Aim of the task =
Pictures stay out of this copy, which runs from the first line of the material through the line containing "#25=VECTOR('',#24,1.);".

Materials provided =
[Start of Attachment]

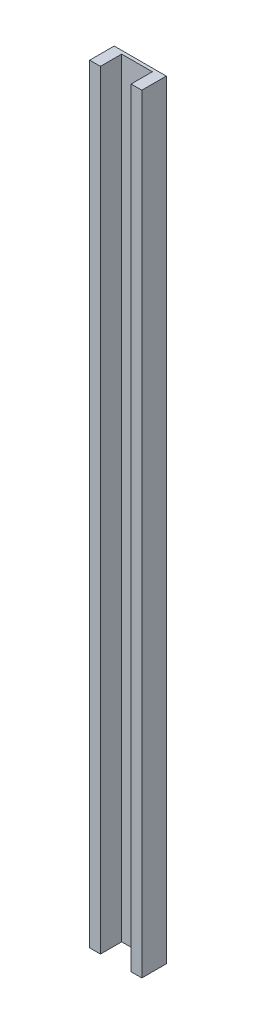
ISO-10303-21;
HEADER;
FILE_DESCRIPTION(('STEP AP214'),'2;1');
FILE_NAME('part.step','',(''),(''),'','','');
FILE_SCHEMA(('AUTOMOTIVE_DESIGN { 1 0 10303 214 1 1 1 1 }'));
ENDSEC;
DATA;
#1=APPLICATION_CONTEXT('core data for automotive mechanical design processes');
#2=APPLICATION_PROTOCOL_DEFINITION('international standard','automotive_design',2000,#1);
#3=PRODUCT_CONTEXT('',#1,'mechanical');
#4=PRODUCT('Part','Part','',(#3));
#5=PRODUCT_RELATED_PRODUCT_CATEGORY('part','',(#4));
#6=PRODUCT_DEFINITION_FORMATION('','',#4);
#7=PRODUCT_DEFINITION_CONTEXT('part definition',#1,'design');
#8=PRODUCT_DEFINITION('design','',#6,#7);
#9=PRODUCT_DEFINITION_SHAPE('','',#8);
#10=(LENGTH_UNIT() NAMED_UNIT(*) SI_UNIT(.MILLI.,.METRE.));
#11=(NAMED_UNIT(*) PLANE_ANGLE_UNIT() SI_UNIT($,.RADIAN.));
#12=(NAMED_UNIT(*) SI_UNIT($,.STERADIAN.) SOLID_ANGLE_UNIT());
#13=UNCERTAINTY_MEASURE_WITH_UNIT(LENGTH_MEASURE(1.E-05),#10,'distance_accuracy_value','');
#14=(GEOMETRIC_REPRESENTATION_CONTEXT(3) GLOBAL_UNCERTAINTY_ASSIGNED_CONTEXT((#13)) GLOBAL_UNIT_ASSIGNED_CONTEXT((#10,
#11,#12)) REPRESENTATION_CONTEXT('',''));
#15=CARTESIAN_POINT('',(0.,0.,0.));
#16=DIRECTION('',(0.,0.,1.));
#17=DIRECTION('',(1.,0.,0.));
#18=AXIS2_PLACEMENT_3D('',#15,#16,#17);
#19=CARTESIAN_POINT('',(-8.49999999999999,251.,3.99999999999999));
#20=DIRECTION('',(1.,0.,0.));
#21=DIRECTION('',(0.,0.,-1.));
#22=AXIS2_PLACEMENT_3D('',#19,#20,#21);
#23=PLANE('',#22);
#24=DIRECTION('',(0.,0.,1.));
#25=VECTOR('',#24,1.);
#26=CARTESIAN_POINT('',(-8.49999999999999,0.,3.99999999999999));
#27=LINE('',#26,#25);
#28=CARTESIAN_POINT('',(-8.49999999999999,0.,-4.00000000000001));
#29=VERTEX_POINT('',#28);
#30=CARTESIAN_POINT('',(-8.49999999999999,0.,3.99999999999999));
#31=VERTEX_POINT('',#30);
#32=EDGE_CURVE('E127',#29,#31,#27,.T.);
#33=ORIENTED_EDGE('',*,*,#32,.T.);
#34=DIRECTION('',(0.,-1.,0.));
#35=VECTOR('',#34,1.);
#36=CARTESIAN_POINT('',(-8.49999999999999,251.,3.99999999999999));
#37=LINE('',#36,#35);
#38=CARTESIAN_POINT('',(-8.49999999999999,251.,3.99999999999999));
#39=VERTEX_POINT('',#38);
#40=EDGE_CURVE('E11',#39,#31,#37,.T.);
#41=ORIENTED_EDGE('',*,*,#40,.F.);
#42=DIRECTION('',(0.,0.,1.));
#43=VECTOR('',#42,1.);
#44=CARTESIAN_POINT('',(-8.49999999999999,251.,3.99999999999999));
#45=LINE('',#44,#43);
#46=CARTESIAN_POINT('',(-8.49999999999999,251.,-4.00000000000001));
#47=VERTEX_POINT('',#46);
#48=EDGE_CURVE('E141',#47,#39,#45,.T.);
#49=ORIENTED_EDGE('',*,*,#48,.F.);
#50=DIRECTION('',(0.,-1.,0.));
#51=VECTOR('',#50,1.);
#52=CARTESIAN_POINT('',(-8.49999999999999,251.,-4.00000000000001));
#53=LINE('',#52,#51);
#54=EDGE_CURVE('E123',#47,#29,#53,.T.);
#55=ORIENTED_EDGE('',*,*,#54,.T.);
#56=EDGE_LOOP('',(#33,#41,#49,#55));
#57=FACE_BOUND('',#56,.T.);
#58=ADVANCED_FACE('F31',(#57),#23,.F.);
#59=CARTESIAN_POINT('',(-5.,251.,3.99999999999999));
#60=DIRECTION('',(0.,0.,-1.));
#61=DIRECTION('',(-1.,0.,0.));
#62=AXIS2_PLACEMENT_3D('',#59,#60,#61);
#63=PLANE('',#62);
#64=DIRECTION('',(1.,0.,0.));
#65=VECTOR('',#64,1.);
#66=CARTESIAN_POINT('',(-5.,0.,3.99999999999999));
#67=LINE('',#66,#65);
#68=CARTESIAN_POINT('',(-5.,0.,3.99999999999999));
#69=VERTEX_POINT('',#68);
#70=EDGE_CURVE('E130',#31,#69,#67,.T.);
#71=ORIENTED_EDGE('',*,*,#70,.T.);
#72=DIRECTION('',(0.,-1.,0.));
#73=VECTOR('',#72,1.);
#74=CARTESIAN_POINT('',(-5.,251.,3.99999999999999));
#75=LINE('',#74,#73);
#76=CARTESIAN_POINT('',(-5.,251.,3.99999999999999));
#77=VERTEX_POINT('',#76);
#78=EDGE_CURVE('E39',#77,#69,#75,.T.);
#79=ORIENTED_EDGE('',*,*,#78,.F.);
#80=DIRECTION('',(1.,0.,0.));
#81=VECTOR('',#80,1.);
#82=CARTESIAN_POINT('',(-5.,251.,3.99999999999999));
#83=LINE('',#82,#81);
#84=EDGE_CURVE('E90',#39,#77,#83,.T.);
#85=ORIENTED_EDGE('',*,*,#84,.F.);
#86=ORIENTED_EDGE('',*,*,#40,.T.);
#87=EDGE_LOOP('',(#71,#79,#85,#86));
#88=FACE_BOUND('',#87,.T.);
#89=ADVANCED_FACE('F176',(#88),#63,.F.);
#90=CARTESIAN_POINT('',(-5.,251.,3.99999999999999));
#91=DIRECTION('',(-1.,0.,0.));
#92=DIRECTION('',(0.,0.,1.));
#93=AXIS2_PLACEMENT_3D('',#90,#91,#92);
#94=PLANE('',#93);
#95=DIRECTION('',(0.,0.,-1.));
#96=VECTOR('',#95,1.);
#97=CARTESIAN_POINT('',(-5.,0.,3.99999999999999));
#98=LINE('',#97,#96);
#99=CARTESIAN_POINT('',(-5.,0.,-2.93875637481425));
#100=VERTEX_POINT('',#99);
#101=EDGE_CURVE('E132',#69,#100,#98,.T.);
#102=ORIENTED_EDGE('',*,*,#101,.T.);
#103=DIRECTION('',(0.,-1.,0.));
#104=VECTOR('',#103,1.);
#105=CARTESIAN_POINT('',(-5.,251.,-2.93875637481425));
#106=LINE('',#105,#104);
#107=CARTESIAN_POINT('',(-5.,251.,-2.93875637481425));
#108=VERTEX_POINT('',#107);
#109=EDGE_CURVE('E148',#108,#100,#106,.T.);
#110=ORIENTED_EDGE('',*,*,#109,.F.);
#111=DIRECTION('',(0.,0.,-1.));
#112=VECTOR('',#111,1.);
#113=CARTESIAN_POINT('',(-5.,251.,3.99999999999999));
#114=LINE('',#113,#112);
#115=EDGE_CURVE('E156',#77,#108,#114,.T.);
#116=ORIENTED_EDGE('',*,*,#115,.F.);
#117=ORIENTED_EDGE('',*,*,#78,.T.);
#118=EDGE_LOOP('',(#102,#110,#116,#117));
#119=FACE_BOUND('',#118,.T.);
#120=ADVANCED_FACE('F154',(#119),#94,.F.);
#121=CARTESIAN_POINT('',(-5.,251.,-2.93875637481425));
#122=DIRECTION('',(0.,0.,-1.));
#123=DIRECTION('',(-1.,0.,0.));
#124=AXIS2_PLACEMENT_3D('',#121,#122,#123);
#125=PLANE('',#124);
#126=DIRECTION('',(1.,0.,0.));
#127=VECTOR('',#126,1.);
#128=CARTESIAN_POINT('',(-5.,0.,-2.93875637481425));
#129=LINE('',#128,#127);
#130=CARTESIAN_POINT('',(5.,0.,-2.93875637481425));
#131=VERTEX_POINT('',#130);
#132=EDGE_CURVE('E134',#100,#131,#129,.T.);
#133=ORIENTED_EDGE('',*,*,#132,.T.);
#134=DIRECTION('',(0.,-1.,0.));
#135=VECTOR('',#134,1.);
#136=CARTESIAN_POINT('',(5.,251.,-2.93875637481425));
#137=LINE('',#136,#135);
#138=CARTESIAN_POINT('',(5.,251.,-2.93875637481425));
#139=VERTEX_POINT('',#138);
#140=EDGE_CURVE('E145',#139,#131,#137,.T.);
#141=ORIENTED_EDGE('',*,*,#140,.F.);
#142=DIRECTION('',(1.,0.,0.));
#143=VECTOR('',#142,1.);
#144=CARTESIAN_POINT('',(-5.,251.,-2.93875637481425));
#145=LINE('',#144,#143);
#146=EDGE_CURVE('E168',#108,#139,#145,.T.);
#147=ORIENTED_EDGE('',*,*,#146,.F.);
#148=ORIENTED_EDGE('',*,*,#109,.T.);
#149=EDGE_LOOP('',(#133,#141,#147,#148));
#150=FACE_BOUND('',#149,.T.);
#151=ADVANCED_FACE('F164',(#150),#125,.F.);
#152=CARTESIAN_POINT('',(5.,251.,-2.93875637481425));
#153=DIRECTION('',(1.,0.,0.));
#154=DIRECTION('',(0.,0.,-1.));
#155=AXIS2_PLACEMENT_3D('',#152,#153,#154);
#156=PLANE('',#155);
#157=DIRECTION('',(0.,0.,1.));
#158=VECTOR('',#157,1.);
#159=CARTESIAN_POINT('',(5.,0.,-2.93875637481425));
#160=LINE('',#159,#158);
#161=CARTESIAN_POINT('',(5.00000000000001,0.,3.99999999999998));
#162=VERTEX_POINT('',#161);
#163=EDGE_CURVE('E136',#131,#162,#160,.T.);
#164=ORIENTED_EDGE('',*,*,#163,.T.);
#165=DIRECTION('',(0.,-1.,0.));
#166=VECTOR('',#165,1.);
#167=CARTESIAN_POINT('',(5.00000000000001,251.,3.99999999999998));
#168=LINE('',#167,#166);
#169=CARTESIAN_POINT('',(5.00000000000001,251.,3.99999999999998));
#170=VERTEX_POINT('',#169);
#171=EDGE_CURVE('E118',#170,#162,#168,.T.);
#172=ORIENTED_EDGE('',*,*,#171,.F.);
#173=DIRECTION('',(0.,0.,1.));
#174=VECTOR('',#173,1.);
#175=CARTESIAN_POINT('',(5.,251.,-2.93875637481425));
#176=LINE('',#175,#174);
#177=EDGE_CURVE('E109',#139,#170,#176,.T.);
#178=ORIENTED_EDGE('',*,*,#177,.F.);
#179=ORIENTED_EDGE('',*,*,#140,.T.);
#180=EDGE_LOOP('',(#164,#172,#178,#179));
#181=FACE_BOUND('',#180,.T.);
#182=ADVANCED_FACE('F167',(#181),#156,.F.);
#183=CARTESIAN_POINT('',(8.50000000000001,251.,3.99999999999999));
#184=DIRECTION('',(0.,0.,-1.));
#185=DIRECTION('',(-1.,0.,0.));
#186=AXIS2_PLACEMENT_3D('',#183,#184,#185);
#187=PLANE('',#186);
#188=DIRECTION('',(1.,0.,0.));
#189=VECTOR('',#188,1.);
#190=CARTESIAN_POINT('',(8.50000000000001,0.,3.99999999999999));
#191=LINE('',#190,#189);
#192=CARTESIAN_POINT('',(8.50000000000001,0.,3.99999999999999));
#193=VERTEX_POINT('',#192);
#194=EDGE_CURVE('E117',#162,#193,#191,.T.);
#195=ORIENTED_EDGE('',*,*,#194,.T.);
#196=DIRECTION('',(0.,-1.,0.));
#197=VECTOR('',#196,1.);
#198=CARTESIAN_POINT('',(8.50000000000001,251.,3.99999999999999));
#199=LINE('',#198,#197);
#200=CARTESIAN_POINT('',(8.50000000000001,251.,3.99999999999999));
#201=VERTEX_POINT('',#200);
#202=EDGE_CURVE('E114',#201,#193,#199,.T.);
#203=ORIENTED_EDGE('',*,*,#202,.F.);
#204=DIRECTION('',(1.,0.,0.));
#205=VECTOR('',#204,1.);
#206=CARTESIAN_POINT('',(8.50000000000001,251.,3.99999999999999));
#207=LINE('',#206,#205);
#208=EDGE_CURVE('E103',#170,#201,#207,.T.);
#209=ORIENTED_EDGE('',*,*,#208,.F.);
#210=ORIENTED_EDGE('',*,*,#171,.T.);
#211=EDGE_LOOP('',(#195,#203,#209,#210));
#212=FACE_BOUND('',#211,.T.);
#213=ADVANCED_FACE('F115',(#212),#187,.F.);
#214=CARTESIAN_POINT('',(8.50000000000001,251.,3.99999999999999));
#215=DIRECTION('',(-1.,0.,0.));
#216=DIRECTION('',(0.,0.,1.));
#217=AXIS2_PLACEMENT_3D('',#214,#215,#216);
#218=PLANE('',#217);
#219=DIRECTION('',(0.,0.,-1.));
#220=VECTOR('',#219,1.);
#221=CARTESIAN_POINT('',(8.50000000000001,0.,3.99999999999999));
#222=LINE('',#221,#220);
#223=CARTESIAN_POINT('',(8.50000000000001,0.,-4.00000000000001));
#224=VERTEX_POINT('',#223);
#225=EDGE_CURVE('E76',#193,#224,#222,.T.);
#226=ORIENTED_EDGE('',*,*,#225,.T.);
#227=DIRECTION('',(0.,-1.,0.));
#228=VECTOR('',#227,1.);
#229=CARTESIAN_POINT('',(8.50000000000001,251.,-4.00000000000001));
#230=LINE('',#229,#228);
#231=CARTESIAN_POINT('',(8.50000000000001,251.,-4.00000000000001));
#232=VERTEX_POINT('',#231);
#233=EDGE_CURVE('E119',#232,#224,#230,.T.);
#234=ORIENTED_EDGE('',*,*,#233,.F.);
#235=DIRECTION('',(0.,0.,-1.));
#236=VECTOR('',#235,1.);
#237=CARTESIAN_POINT('',(8.50000000000001,251.,3.99999999999999));
#238=LINE('',#237,#236);
#239=EDGE_CURVE('E107',#201,#232,#238,.T.);
#240=ORIENTED_EDGE('',*,*,#239,.F.);
#241=ORIENTED_EDGE('',*,*,#202,.T.);
#242=EDGE_LOOP('',(#226,#234,#240,#241));
#243=FACE_BOUND('',#242,.T.);
#244=ADVANCED_FACE('F121',(#243),#218,.F.);
#245=CARTESIAN_POINT('',(8.50000000000001,251.,-4.00000000000001));
#246=DIRECTION('',(0.,0.,1.));
#247=DIRECTION('',(1.,0.,0.));
#248=AXIS2_PLACEMENT_3D('',#245,#246,#247);
#249=PLANE('',#248);
#250=DIRECTION('',(-1.,0.,0.));
#251=VECTOR('',#250,1.);
#252=CARTESIAN_POINT('',(8.50000000000001,0.,-4.00000000000001));
#253=LINE('',#252,#251);
#254=EDGE_CURVE('E82',#224,#29,#253,.T.);
#255=ORIENTED_EDGE('',*,*,#254,.T.);
#256=ORIENTED_EDGE('',*,*,#54,.F.);
#257=DIRECTION('',(-1.,0.,0.));
#258=VECTOR('',#257,1.);
#259=CARTESIAN_POINT('',(8.50000000000001,251.,-4.00000000000001));
#260=LINE('',#259,#258);
#261=EDGE_CURVE('E47',#232,#47,#260,.T.);
#262=ORIENTED_EDGE('',*,*,#261,.F.);
#263=ORIENTED_EDGE('',*,*,#233,.T.);
#264=EDGE_LOOP('',(#255,#256,#262,#263));
#265=FACE_BOUND('',#264,.T.);
#266=ADVANCED_FACE('F192',(#265),#249,.F.);
#267=CARTESIAN_POINT('',(-8.49999999999999,251.,-4.00000000000001));
#268=DIRECTION('',(0.,1.,0.));
#269=DIRECTION('',(0.,0.,1.));
#270=AXIS2_PLACEMENT_3D('',#267,#268,#269);
#271=PLANE('',#270);
#272=ORIENTED_EDGE('',*,*,#48,.T.);
#273=ORIENTED_EDGE('',*,*,#84,.T.);
#274=ORIENTED_EDGE('',*,*,#115,.T.);
#275=ORIENTED_EDGE('',*,*,#146,.T.);
#276=ORIENTED_EDGE('',*,*,#177,.T.);
#277=ORIENTED_EDGE('',*,*,#208,.T.);
#278=ORIENTED_EDGE('',*,*,#239,.T.);
#279=ORIENTED_EDGE('',*,*,#261,.T.);
#280=EDGE_LOOP('',(#272,#273,#274,#275,#276,#277,#278,#279));
#281=FACE_BOUND('',#280,.T.);
#282=ADVANCED_FACE('F105',(#281),#271,.T.);
#283=CARTESIAN_POINT('',(-8.49999999999999,0.,-4.00000000000001));
#284=DIRECTION('',(0.,1.,0.));
#285=DIRECTION('',(0.,0.,1.));
#286=AXIS2_PLACEMENT_3D('',#283,#284,#285);
#287=PLANE('',#286);
#288=ORIENTED_EDGE('',*,*,#32,.F.);
#289=ORIENTED_EDGE('',*,*,#254,.F.);
#290=ORIENTED_EDGE('',*,*,#225,.F.);
#291=ORIENTED_EDGE('',*,*,#194,.F.);
#292=ORIENTED_EDGE('',*,*,#163,.F.);
#293=ORIENTED_EDGE('',*,*,#132,.F.);
#294=ORIENTED_EDGE('',*,*,#101,.F.);
#295=ORIENTED_EDGE('',*,*,#70,.F.);
#296=EDGE_LOOP('',(#288,#289,#290,#291,#292,#293,#294,#295));
#297=FACE_BOUND('',#296,.T.);
#298=ADVANCED_FACE('F160',(#297),#287,.F.);
#299=CLOSED_SHELL('',(#58,#89,#120,#151,#182,#213,#244,#266,#282,#298));
#300=MANIFOLD_SOLID_BREP('B2',#299);
#301=ADVANCED_BREP_SHAPE_REPRESENTATION('',(#18,#300),#14);
#302=SHAPE_DEFINITION_REPRESENTATION(#9,#301);
ENDSEC;
END-ISO-10303-21;

[End of Attachment]

Solution =
ISO-10303-21;
HEADER;
FILE_DESCRIPTION(('STEP AP214'),'2;1');
FILE_NAME('part.step','',(''),(''),'','','');
FILE_SCHEMA(('AUTOMOTIVE_DESIGN { 1 0 10303 214 1 1 1 1 }'));
ENDSEC;
DATA;
#1=APPLICATION_CONTEXT('core data for automotive mechanical design processes');
#2=APPLICATION_PROTOCOL_DEFINITION('international standard','automotive_design',2000,#1);
#3=PRODUCT_CONTEXT('',#1,'mechanical');
#4=PRODUCT('Part','Part','',(#3));
#5=PRODUCT_RELATED_PRODUCT_CATEGORY('part','',(#4));
#6=PRODUCT_DEFINITION_FORMATION('','',#4);
#7=PRODUCT_DEFINITION_CONTEXT('part definition',#1,'design');
#8=PRODUCT_DEFINITION('design','',#6,#7);
#9=PRODUCT_DEFINITION_SHAPE('','',#8);
#10=(LENGTH_UNIT() NAMED_UNIT(*) SI_UNIT(.MILLI.,.METRE.));
#11=(NAMED_UNIT(*) PLANE_ANGLE_UNIT() SI_UNIT($,.RADIAN.));
#12=(NAMED_UNIT(*) SI_UNIT($,.STERADIAN.) SOLID_ANGLE_UNIT());
#13=UNCERTAINTY_MEASURE_WITH_UNIT(LENGTH_MEASURE(1.E-05),#10,'distance_accuracy_value','');
#14=(GEOMETRIC_REPRESENTATION_CONTEXT(3) GLOBAL_UNCERTAINTY_ASSIGNED_CONTEXT((#13)) GLOBAL_UNIT_ASSIGNED_CONTEXT((#10,
#11,#12)) REPRESENTATION_CONTEXT('',''));
#15=CARTESIAN_POINT('',(0.,0.,0.));
#16=DIRECTION('',(0.,0.,1.));
#17=DIRECTION('',(1.,0.,0.));
#18=AXIS2_PLACEMENT_3D('',#15,#16,#17);
#19=CARTESIAN_POINT('',(-8.49999999999999,251.,3.99999999999999));
#20=DIRECTION('',(1.,0.,0.));
#21=DIRECTION('',(0.,0.,-1.));
#22=AXIS2_PLACEMENT_3D('',#19,#20,#21);
#23=PLANE('',#22);
#24=DIRECTION('',(0.,0.,1.));
#25=VECTOR('',#24,1.);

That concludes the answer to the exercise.